Headed since 1988 by Dr. Art Chester, a theoretical physicist and Malibu resident who has been with Hughes for 30 years, the high-tech, 250,000-square-foot think tank is Malibu’s biggest employer, with an annual budget of $70 million (Pepperdine is outside the city limits).

First, to dispel the rumors: It is not true that everyone at HRL — even the janitors — have Ph.D.s. Of their 430 employees (down from 560 some years ago because of streamlining and downsizing), 120 or so hold doctorates, the affable, indeed ebullient, Chester says. Government work isn’t calling the tune as loudly today either; since the end of the Cold War, defense research has dropped from 60 percent to 45 percent of the lab’s business.

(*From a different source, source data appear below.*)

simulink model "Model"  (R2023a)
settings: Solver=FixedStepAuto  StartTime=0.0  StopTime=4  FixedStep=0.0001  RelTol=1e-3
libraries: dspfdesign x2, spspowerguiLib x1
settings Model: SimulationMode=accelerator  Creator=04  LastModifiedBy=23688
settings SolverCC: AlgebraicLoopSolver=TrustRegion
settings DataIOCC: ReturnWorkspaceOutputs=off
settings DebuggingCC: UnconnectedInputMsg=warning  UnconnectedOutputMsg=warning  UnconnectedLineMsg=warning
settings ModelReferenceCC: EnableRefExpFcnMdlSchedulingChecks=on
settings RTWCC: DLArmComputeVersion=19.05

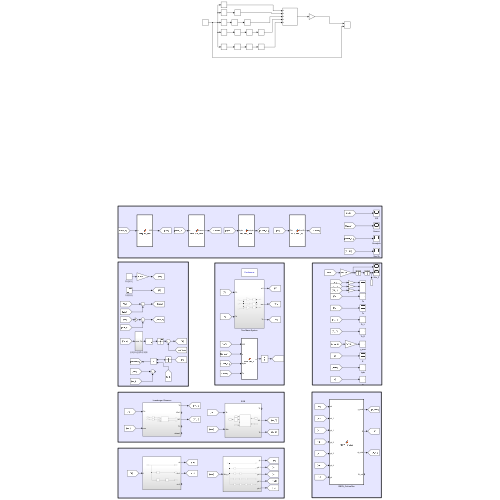
[thumbnail: Simulink's stored preview of the top-level diagram]
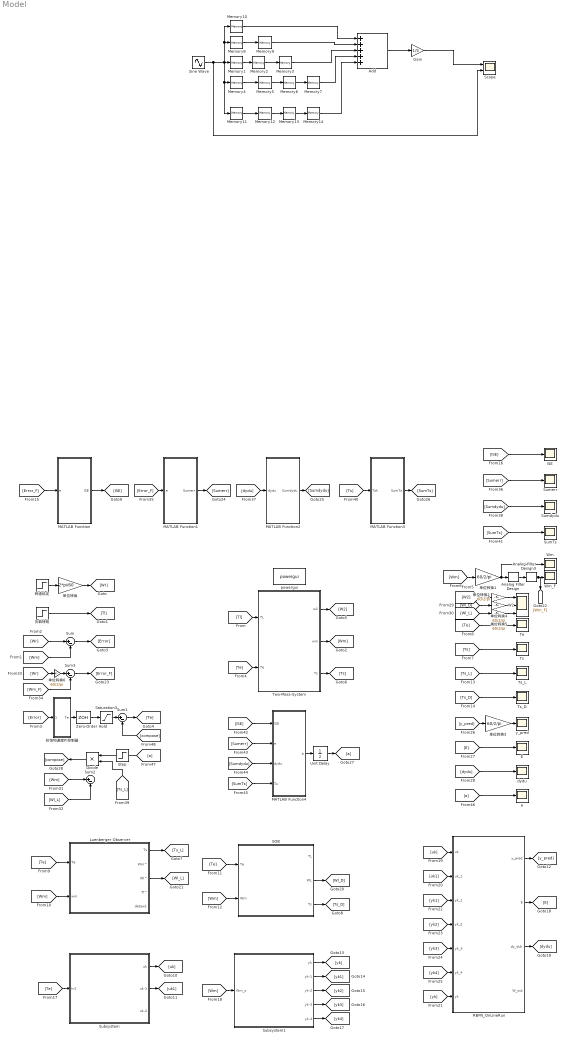
== system Model ==
  " Luenberger Observer" : Subsystem
  Add : Sum  Inputs=+++++
  Analog Filter Design : dspfdesign/Analog Filter Design  method=Butterworth  filttype=Bandstop  N=12  Wlo=700*2*pi  Whi=1300*2*pi  Rp=2  Rs=40
  Analog Filter Design3 : dspfdesign/Analog Filter Design  method=Butterworth  filttype=Bandstop  N=12  Wlo=900*2*pi  Whi=1100*2*pi  Rp=2  Rs=40
  Divide : Product  Inputs=**
  E : Scope
  Gain : Gain  Gain=1/5
  ISE : Scope
  MATLAB Function : MATLAB Function  TreatAsAtomicUnit=on
  MATLAB Function1 : MATLAB Function  TreatAsAtomicUnit=on
  MATLAB Function2 : MATLAB Function  TreatAsAtomicUnit=on
  MATLAB Function3 : MATLAB Function  TreatAsAtomicUnit=on
  MATLAB Function4 : MATLAB Function  TreatAsAtomicUnit=on
  Memory{1..14} (14 alike) : Memory  InitialCondition=0.001
  RBFN_OnLineRun : MATLAB Function  TreatAsAtomicUnit=on
  SOB : Subsystem
  Saturation3 : Saturate  UpperLimit=2.39*3  LowerLimit=-2.39*3
  Scope : Scope  NumInputPorts=2
  Sine Wave : Sin  Frequency=1000*2*pi  SampleTime=0
  Step : Step  Time=2  After=0.5  SampleTime=0
  Subsystem : Subsystem
  Subsystem1 : Subsystem
  Sum{,1..3} (4 alike) : Sum  Inputs=|+-
  SumTs : Scope
  Sumdydu : Scope
  Sumerr : Scope
  Te : Scope
  Ts : Scope
  Ts_D : Scope
  Ts_L : Scope
  Two-Mass-System : Subsystem
  Unit Delay : UnitDelay  SampleTime=-1  HasFrameUpgradeWarning=on
  W2 : Scope  NumInputPorts=3
  Wm : Scope
  Wm_F : Scope
  Zero-Order Hold : ZeroOrderHold  SampleTime=0.0005
  a : Scope
  dydu : Scope
  powergui : spspowerguiLib/powergui  Priority=1  SimulationMode=Continuous  SampleTime=50e-6  frequency=60  Iterations=50  frequencyindice=60  Pbase=100e6  ErrMax=1e-4  UnitsV=kV  UnitsW=MW  buscounter=0  FunctionMessages=off  echomessages=off  EnableUseOfTLC=off  CurrentSourceSwitches=off  DisableSnubberDevices=off  DisableRonSwitches=off  DisableVfSwitches=off  DisplayEquations=off  AutomaticDiscreteSolvers=off  SolverType=Tustin/Backward Euler (TBE)  Interpol=off  ExternalGateDelay=off  methode=off  Ts=100  x0status=blocks  SPID=on  SwTol=0  HookPort=off  NonlinearTolerance=1e-4  nMaxIteration=100  ContinueOnMaxIteration=off  RestoreLinks=warning  ResistiveCurrentMeasurement=off  Frange=[0:2:500]  Ylog=off  Xlog=on  ShowGrid=off  save=off  variable=ZData  structure=0  ZoomFFT=off  StartTime=0.0  cycles=1  DisplayStyle=1  fundamental=60  FreqAxis=off  MaxFrequency=1000  frequencyindicesteady=1  RmsSteady=1  display=off
  y_pred : Scope
  单位转换 : Gain  Gain=2*pi/60
  单位转换{1..6} (6 alike) : Gain  Gain=60/2/pi
  抗饱和速度PI控制器 : Subsystem
  负载转矩 : Step  Time=0  After=0  SampleTime=0
  转速给定 : Step  Time=0.1  After=1000  SampleTime=0
  wires:
  Memory1/1 -> Memory2/1
  Memory2/1 -> Memory3/1
  Memory4/1 -> Memory5/1
  Memory5/1 -> Memory6/1
  Memory6/1 -> Memory7/1
  Memory8/1 -> Memory9/1
  Memory10/1 -> Add/1
  Memory9/1 -> Add/2
  Memory3/1 -> Add/3
  Memory7/1 -> Add/4
  Memory14/1 -> Add/5
  Memory13/1 -> Memory14/1
  Memory12/1 -> Memory13/1
  Memory11/1 -> Memory12/1
  Sine Wave/1 -> Scope/2, Memory10/1, Memory8/1, Memory11/1, Memory4/1, Memory1/1
  Add/1 -> Gain/1
  Gain/1 -> Scope/1
  转速给定/1 -> 单位转换/1
  负载转矩/1 -> [Tl]
  [Tl] -> Two-Mass-System/1(TL)
  Two-Mass-System/2(wm) -> [Wm]
  [Wr] -> Sum/1
  [Wm] -> Sum/2
  Sum/1 -> [Error]
  [Error] -> 抗饱和速度PI控制器/1(error)
  Two-Mass-System/1(w2) -> [W2]
  Two-Mass-System/3(Ts) -> [Ts]
  [Ts] -> Ts/1
  [Te] -> Te/1
  单位转换/1 -> [Wr]
  [Wm] -> 单位转换1/1
  [Te] -> " Luenberger Observer"/1(Te)
  [Wm] -> " Luenberger Observer"/2(wm)
  [Te] -> SOB/1(Te)
  [Wm] -> SOB/2(Wm)
  " Luenberger Observer"/1(Ts) -> [Ts_L]
  SOB/3(Ts) -> [Ts_D]
  [Ts_L] -> Ts_L/1
  [Ts_D] -> Ts_D/1
  [W2] -> 单位转换2/1
  单位转换2/1 -> W2/1
  [Error_F] -> MATLAB Function/1(e)
  MATLAB Function/1(ISE) -> [ISE]
  [Te] -> Subsystem/1(In1)
  Subsystem/1(uk) -> [uk]
  Subsystem/2(uk-1) -> [uk1]
  [Wm] -> Subsystem1/1(Wm_o)
  Subsystem1/1(yk) -> [yk]
  Subsystem1/2(yk-1) -> [yk1]
  Subsystem1/3(yk-2) -> [yk2]
  Subsystem1/4(yk-3) -> [yk3]
  Subsystem1/5(yk-4) -> [yk4]
  [uk] -> RBFN_OnLineRun/1(uk)
  [uk1] -> RBFN_OnLineRun/2(uk_1)
  [yk] -> RBFN_OnLineRun/7(yk)
  [yk1] -> RBFN_OnLineRun/3(yk_1)
  [yk2] -> RBFN_OnLineRun/4(yk_2)
  [yk3] -> RBFN_OnLineRun/5(yk_3)
  [yk4] -> RBFN_OnLineRun/6(yk_4)
  RBFN_OnLineRun/1(y_pred) -> [y_pred]
  RBFN_OnLineRun/2(E) -> [E]
  RBFN_OnLineRun/3(dy_duk) -> [dydu]
  [E] -> E/1
  [dydu] -> dydu/1
  [y_pred] -> 单位转换3/1
  单位转换3/1 -> y_pred/1
  Sum1/1 -> [Te]
  SOB/2(WL) -> [Wl_D]
  " Luenberger Observer"/3(Wl^) -> [Wl_L]
  单位转换4/1 -> W2/2
  [Wl_D] -> 单位转换4/1
  单位转换5/1 -> W2/3
  [Wl_L] -> 单位转换5/1
  [Wm] -> Sum2/1
  [Wl_L] -> Sum2/2
  Analog Filter Design/1 -> Analog Filter Design3/1
  Analog Filter Design3/1 -> [Wm_F], Wm_F/1
  单位转换1/1 -> Wm/1, Analog Filter Design/1
  [Wr] -> 单位转换6/1
  单位转换6/1 -> Sum3/1
  [Wm_F] -> Sum3/2
  Sum3/1 -> [Error_F]
  [Error_F] -> MATLAB Function1/1(e)
  MATLAB Function1/1(Sumerr) -> [Sumerr]
  [ISE] -> ISE/1
  [Sumerr] -> Sumerr/1
  [dydu] -> MATLAB Function2/1(dydu)
  MATLAB Function2/1(Sumdydu) -> [Sumdydu]
  [Sumdydu] -> Sumdydu/1
  [Ts] -> MATLAB Function3/1(Tsk)
  MATLAB Function3/1(SumTs) -> [SumTs]
  [SumTs] -> SumTs/1
  [ISE] -> MATLAB Function4/1(ISE)
  [Sumerr] -> MATLAB Function4/2(e)
  [Sumdydu] -> MATLAB Function4/3(dydu)
  [SumTs] -> MATLAB Function4/4(Ts)
  MATLAB Function4/1(a) -> Unit Delay/1
  [a] -> a/1
  Unit Delay/1 -> [a]
  Divide/1 -> [compose]
  [compose] -> Sum1/2
  [Te] -> Two-Mass-System/2(Te)
  [Ts_L] -> Divide/2
  Saturation3/1 -> Sum1/1
  抗饱和速度PI控制器/1(Te) -> Zero-Order Hold/1
  Zero-Order Hold/1 -> Saturation3/1
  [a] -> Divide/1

Watched over by two photographs of Albert Einstein, a scientist who never had to worry about the bottom line, Chester explains that, for a research laboratory to survive today, it has to be economically viable. “Doing advanced research is expensive, so it has to produce results,” he says”. In the ’50s and ’60s, with the postwar boom in technology, there was plenty of money to invest in science; you could say that the Internet, the computer and the transistor came out of such relatively undirected research. But today, our mission is to discover and apply science and technology for new and improved services which Hughes, Raytheon and General Motors can turn into money-making products. We don’t build the satellite or the missile,” he says, “we develop the materials, the components, the processes that go into things, and our owners figure out how to make them useful. We made the laser,” Chester cites as an example, “but it was the Hughes people in El Segundo who turned it into a billion dollar rangefinder business.”

To a great extent, that link between basic research and the tools we use has always been part of HRL’s (and Hughes’) reality. Today, lasers are part of our daily lives, from enabling fiber optics to reading bar codes in supermarkets and the blips on compact discs. The future of such research is also in sight from Malibu: High above Central America, a Xenon ion engine derived by HRL from the same wave research keeps a communication satellite in synchronous orbit, while, in Malibu, two larger ion engines are being tested in an environment simulating the frigid cold of outer space. They’re part of the next step in a technology that could eventually propel us to the stars.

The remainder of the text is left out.